Clara menoleh lalu mengangguk yakin, “tadi kata Kak Martin udah semua, gue udah ngitung juga kak, barang fisik sama pencatatannya juga sama”

“Oke. Eh Cla, habis ini lo mau ngapain?”

“Pulang”

“Tolong buang sampah di dapur ya, gue mau rekap data ke komputer dulu” pintah Jefri. Clara mengacungkan jempol lalu bergerak menuju dapur kafe sempat bertemu Nichol sibuk mencari sesuatu.

“Cari apa kak?”

“Payung blue disini lihat nggak?”

“Oh dipake Kak Martin tadi”

“Senior kurang ajar” maki Nichol akhirnya memilih berlari ke mobilnya tanpa payung, padahal hujan semakin deras terlihat dari luar jendela dapur.

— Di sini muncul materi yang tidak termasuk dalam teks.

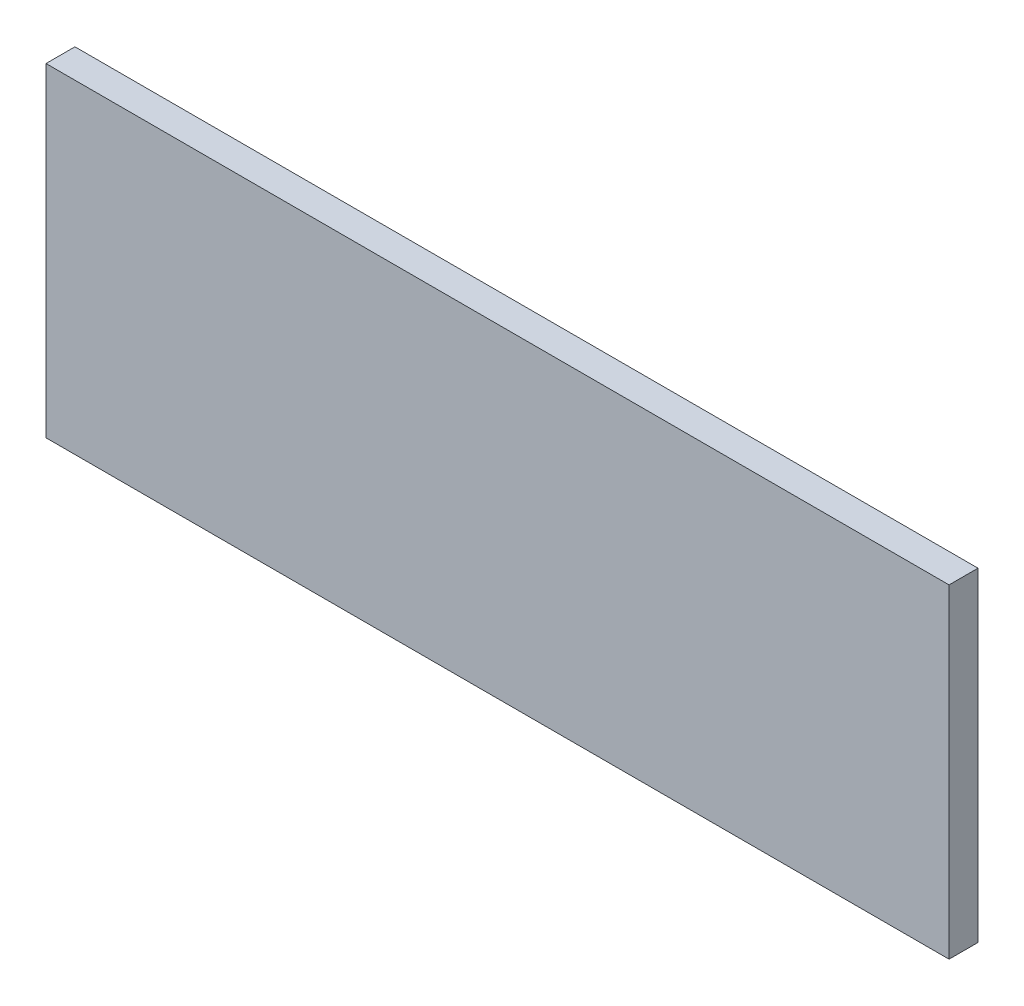
ISO-10303-21;
HEADER;
FILE_DESCRIPTION(('STEP AP214'),'2;1');
FILE_NAME('part.step','',(''),(''),'','','');
FILE_SCHEMA(('AUTOMOTIVE_DESIGN { 1 0 10303 214 1 1 1 1 }'));
ENDSEC;
DATA;
#1=APPLICATION_CONTEXT('core data for automotive mechanical design processes');
#2=APPLICATION_PROTOCOL_DEFINITION('international standard','automotive_design',2000,#1);
#3=PRODUCT_CONTEXT('',#1,'mechanical');
#4=PRODUCT('Part','Part','',(#3));
#5=PRODUCT_RELATED_PRODUCT_CATEGORY('part','',(#4));
#6=PRODUCT_DEFINITION_FORMATION('','',#4);
#7=PRODUCT_DEFINITION_CONTEXT('part definition',#1,'design');
#8=PRODUCT_DEFINITION('design','',#6,#7);
#9=PRODUCT_DEFINITION_SHAPE('','',#8);
#10=(LENGTH_UNIT() NAMED_UNIT(*) SI_UNIT(.MILLI.,.METRE.));
#11=(NAMED_UNIT(*) PLANE_ANGLE_UNIT() SI_UNIT($,.RADIAN.));
#12=(NAMED_UNIT(*) SI_UNIT($,.STERADIAN.) SOLID_ANGLE_UNIT());
#13=UNCERTAINTY_MEASURE_WITH_UNIT(LENGTH_MEASURE(1.E-05),#10,'distance_accuracy_value','');
#14=(GEOMETRIC_REPRESENTATION_CONTEXT(3) GLOBAL_UNCERTAINTY_ASSIGNED_CONTEXT((#13)) GLOBAL_UNIT_ASSIGNED_CONTEXT((#10,
#11,#12)) REPRESENTATION_CONTEXT('',''));
#15=CARTESIAN_POINT('',(0.,0.,0.));
#16=DIRECTION('',(0.,0.,1.));
#17=DIRECTION('',(1.,0.,0.));
#18=AXIS2_PLACEMENT_3D('',#15,#16,#17);
#19=CARTESIAN_POINT('',(-36.1150442477876,16.9218289085546,2.5));
#20=DIRECTION('',(1.,0.,0.));
#21=DIRECTION('',(0.,1.,0.));
#22=AXIS2_PLACEMENT_3D('',#19,#20,#21);
#23=PLANE('',#22);
#24=DIRECTION('',(0.,-1.,0.));
#25=VECTOR('',#24,1.);
#26=CARTESIAN_POINT('',(-36.1150442477876,16.9218289085546,0.));
#27=LINE('',#26,#25);
#28=CARTESIAN_POINT('',(-36.1150442477876,16.9218289085546,0.));
#29=VERTEX_POINT('',#28);
#30=CARTESIAN_POINT('',(-36.1150442477876,-11.0781710914454,0.));
#31=VERTEX_POINT('',#30);
#32=EDGE_CURVE('E96',#29,#31,#27,.T.);
#33=ORIENTED_EDGE('',*,*,#32,.T.);
#34=DIRECTION('',(0.,0.,-1.));
#35=VECTOR('',#34,1.);
#36=CARTESIAN_POINT('',(-36.1150442477876,-11.0781710914454,2.5));
#37=LINE('',#36,#35);
#38=CARTESIAN_POINT('',(-36.1150442477876,-11.0781710914454,2.5));
#39=VERTEX_POINT('',#38);
#40=EDGE_CURVE('E11',#39,#31,#37,.T.);
#41=ORIENTED_EDGE('',*,*,#40,.F.);
#42=DIRECTION('',(0.,-1.,0.));
#43=VECTOR('',#42,1.);
#44=CARTESIAN_POINT('',(-36.1150442477876,16.9218289085546,2.5));
#45=LINE('',#44,#43);
#46=CARTESIAN_POINT('',(-36.1150442477876,16.9218289085546,2.5));
#47=VERTEX_POINT('',#46);
#48=EDGE_CURVE('E84',#47,#39,#45,.T.);
#49=ORIENTED_EDGE('',*,*,#48,.F.);
#50=DIRECTION('',(0.,0.,-1.));
#51=VECTOR('',#50,1.);
#52=CARTESIAN_POINT('',(-36.1150442477876,16.9218289085546,2.5));
#53=LINE('',#52,#51);
#54=EDGE_CURVE('E92',#47,#29,#53,.T.);
#55=ORIENTED_EDGE('',*,*,#54,.T.);
#56=EDGE_LOOP('',(#33,#41,#49,#55));
#57=FACE_BOUND('',#56,.T.);
#58=ADVANCED_FACE('F33',(#57),#23,.F.);
#59=CARTESIAN_POINT('',(41.8849557522124,-11.0781710914454,2.5));
#60=DIRECTION('',(0.,1.,0.));
#61=DIRECTION('',(-1.,0.,0.));
#62=AXIS2_PLACEMENT_3D('',#59,#60,#61);
#63=PLANE('',#62);
#64=DIRECTION('',(1.,0.,0.));
#65=VECTOR('',#64,1.);
#66=CARTESIAN_POINT('',(41.8849557522124,-11.0781710914454,0.));
#67=LINE('',#66,#65);
#68=CARTESIAN_POINT('',(41.8849557522124,-11.0781710914454,0.));
#69=VERTEX_POINT('',#68);
#70=EDGE_CURVE('E88',#31,#69,#67,.T.);
#71=ORIENTED_EDGE('',*,*,#70,.T.);
#72=DIRECTION('',(0.,0.,-1.));
#73=VECTOR('',#72,1.);
#74=CARTESIAN_POINT('',(41.8849557522124,-11.0781710914454,2.5));
#75=LINE('',#74,#73);
#76=CARTESIAN_POINT('',(41.8849557522124,-11.0781710914454,2.5));
#77=VERTEX_POINT('',#76);
#78=EDGE_CURVE('E41',#77,#69,#75,.T.);
#79=ORIENTED_EDGE('',*,*,#78,.F.);
#80=DIRECTION('',(1.,0.,0.));
#81=VECTOR('',#80,1.);
#82=CARTESIAN_POINT('',(41.8849557522124,-11.0781710914454,2.5));
#83=LINE('',#82,#81);
#84=EDGE_CURVE('E79',#39,#77,#83,.T.);
#85=ORIENTED_EDGE('',*,*,#84,.F.);
#86=ORIENTED_EDGE('',*,*,#40,.T.);
#87=EDGE_LOOP('',(#71,#79,#85,#86));
#88=FACE_BOUND('',#87,.T.);
#89=ADVANCED_FACE('F87',(#88),#63,.F.);
#90=CARTESIAN_POINT('',(41.8849557522124,16.9218289085546,2.5));
#91=DIRECTION('',(-1.,0.,0.));
#92=DIRECTION('',(0.,0.,1.));
#93=AXIS2_PLACEMENT_3D('',#90,#91,#92);
#94=PLANE('',#93);
#95=DIRECTION('',(0.,1.,0.));
#96=VECTOR('',#95,1.);
#97=CARTESIAN_POINT('',(41.8849557522124,16.9218289085546,0.));
#98=LINE('',#97,#96);
#99=CARTESIAN_POINT('',(41.8849557522124,16.9218289085546,0.));
#100=VERTEX_POINT('',#99);
#101=EDGE_CURVE('E66',#69,#100,#98,.T.);
#102=ORIENTED_EDGE('',*,*,#101,.T.);
#103=DIRECTION('',(0.,0.,-1.));
#104=VECTOR('',#103,1.);
#105=CARTESIAN_POINT('',(41.8849557522124,16.9218289085546,2.5));
#106=LINE('',#105,#104);
#107=CARTESIAN_POINT('',(41.8849557522124,16.9218289085546,2.5));
#108=VERTEX_POINT('',#107);
#109=EDGE_CURVE('E89',#108,#100,#106,.T.);
#110=ORIENTED_EDGE('',*,*,#109,.F.);
#111=DIRECTION('',(0.,1.,0.));
#112=VECTOR('',#111,1.);
#113=CARTESIAN_POINT('',(41.8849557522124,16.9218289085546,2.5));
#114=LINE('',#113,#112);
#115=EDGE_CURVE('E82',#77,#108,#114,.T.);
#116=ORIENTED_EDGE('',*,*,#115,.F.);
#117=ORIENTED_EDGE('',*,*,#78,.T.);
#118=EDGE_LOOP('',(#102,#110,#116,#117));
#119=FACE_BOUND('',#118,.T.);
#120=ADVANCED_FACE('F90',(#119),#94,.F.);
#121=CARTESIAN_POINT('',(-36.1150442477876,16.9218289085546,2.5));
#122=DIRECTION('',(0.,-1.,0.));
#123=DIRECTION('',(0.,0.,-1.));
#124=AXIS2_PLACEMENT_3D('',#121,#122,#123);
#125=PLANE('',#124);
#126=DIRECTION('',(-1.,0.,0.));
#127=VECTOR('',#126,1.);
#128=CARTESIAN_POINT('',(-36.1150442477876,16.9218289085546,0.));
#129=LINE('',#128,#127);
#130=EDGE_CURVE('E72',#100,#29,#129,.T.);
#131=ORIENTED_EDGE('',*,*,#130,.T.);
#132=ORIENTED_EDGE('',*,*,#54,.F.);
#133=DIRECTION('',(-1.,0.,0.));
#134=VECTOR('',#133,1.);
#135=CARTESIAN_POINT('',(-36.1150442477876,16.9218289085546,2.5));
#136=LINE('',#135,#134);
#137=EDGE_CURVE('E49',#108,#47,#136,.T.);
#138=ORIENTED_EDGE('',*,*,#137,.F.);
#139=ORIENTED_EDGE('',*,*,#109,.T.);
#140=EDGE_LOOP('',(#131,#132,#138,#139));
#141=FACE_BOUND('',#140,.T.);
#142=ADVANCED_FACE('F103',(#141),#125,.F.);
#143=CARTESIAN_POINT('',(0.,0.,2.5));
#144=DIRECTION('',(0.,0.,-1.));
#145=DIRECTION('',(-1.,0.,0.));
#146=AXIS2_PLACEMENT_3D('',#143,#144,#145);
#147=PLANE('',#146);
#148=ORIENTED_EDGE('',*,*,#48,.T.);
#149=ORIENTED_EDGE('',*,*,#84,.T.);
#150=ORIENTED_EDGE('',*,*,#115,.T.);
#151=ORIENTED_EDGE('',*,*,#137,.T.);
#152=EDGE_LOOP('',(#148,#149,#150,#151));
#153=FACE_BOUND('',#152,.T.);
#154=ADVANCED_FACE('F80',(#153),#147,.F.);
#155=CARTESIAN_POINT('',(0.,0.,0.));
#156=DIRECTION('',(0.,0.,-1.));
#157=DIRECTION('',(-1.,0.,0.));
#158=AXIS2_PLACEMENT_3D('',#155,#156,#157);
#159=PLANE('',#158);
#160=ORIENTED_EDGE('',*,*,#32,.F.);
#161=ORIENTED_EDGE('',*,*,#130,.F.);
#162=ORIENTED_EDGE('',*,*,#101,.F.);
#163=ORIENTED_EDGE('',*,*,#70,.F.);
#164=EDGE_LOOP('',(#160,#161,#162,#163));
#165=FACE_BOUND('',#164,.T.);
#166=ADVANCED_FACE('F106',(#165),#159,.T.);
#167=CLOSED_SHELL('',(#58,#89,#120,#142,#154,#166));
#168=MANIFOLD_SOLID_BREP('B2',#167);
#169=ADVANCED_BREP_SHAPE_REPRESENTATION('',(#18,#168),#14);
#170=SHAPE_DEFINITION_REPRESENTATION(#9,#169);
ENDSEC;
END-ISO-10303-21;

Clara membereskan tumpukan sampah di atas meja dapur. Kulit pisang, kulit jeruk, dan kulit mangga bekas potongan buah Martin yang ia makan tadi belum sempat dibersihkan. Setelah memastikan tidak ada yang tertinggal Clara memasukan semua sampah ke dalam plastik besar dan mengikatnya kuat-kuat lalu mengangkat ke depan.

“Udah semua diberesin Cla?” tegur Jefri basa-basi tanpa melihat ke arahnya, Clara menoleh ia baru akan menjawab tapi malah terdiam ketika melihat Rian duduk di depan Jefri. Wajah cowok itu juga ikut berpaling ke arahnya tapi ia tidak mengatakan apapun, membuat Clara hanya menunduk sedikit sebagai bentuk sopan karena menghormati cowok itu sebagai pemilik kafe lalu berjalan keluar membuang sampah di dalam tong sampah. Clara membersihkan kotoran di tangannya dengan air hujan yang menetes turun dari atas genteng, ia mendongak ke atas tampak kilat terlihat begitu menakutkan diiringi suara keras guntur.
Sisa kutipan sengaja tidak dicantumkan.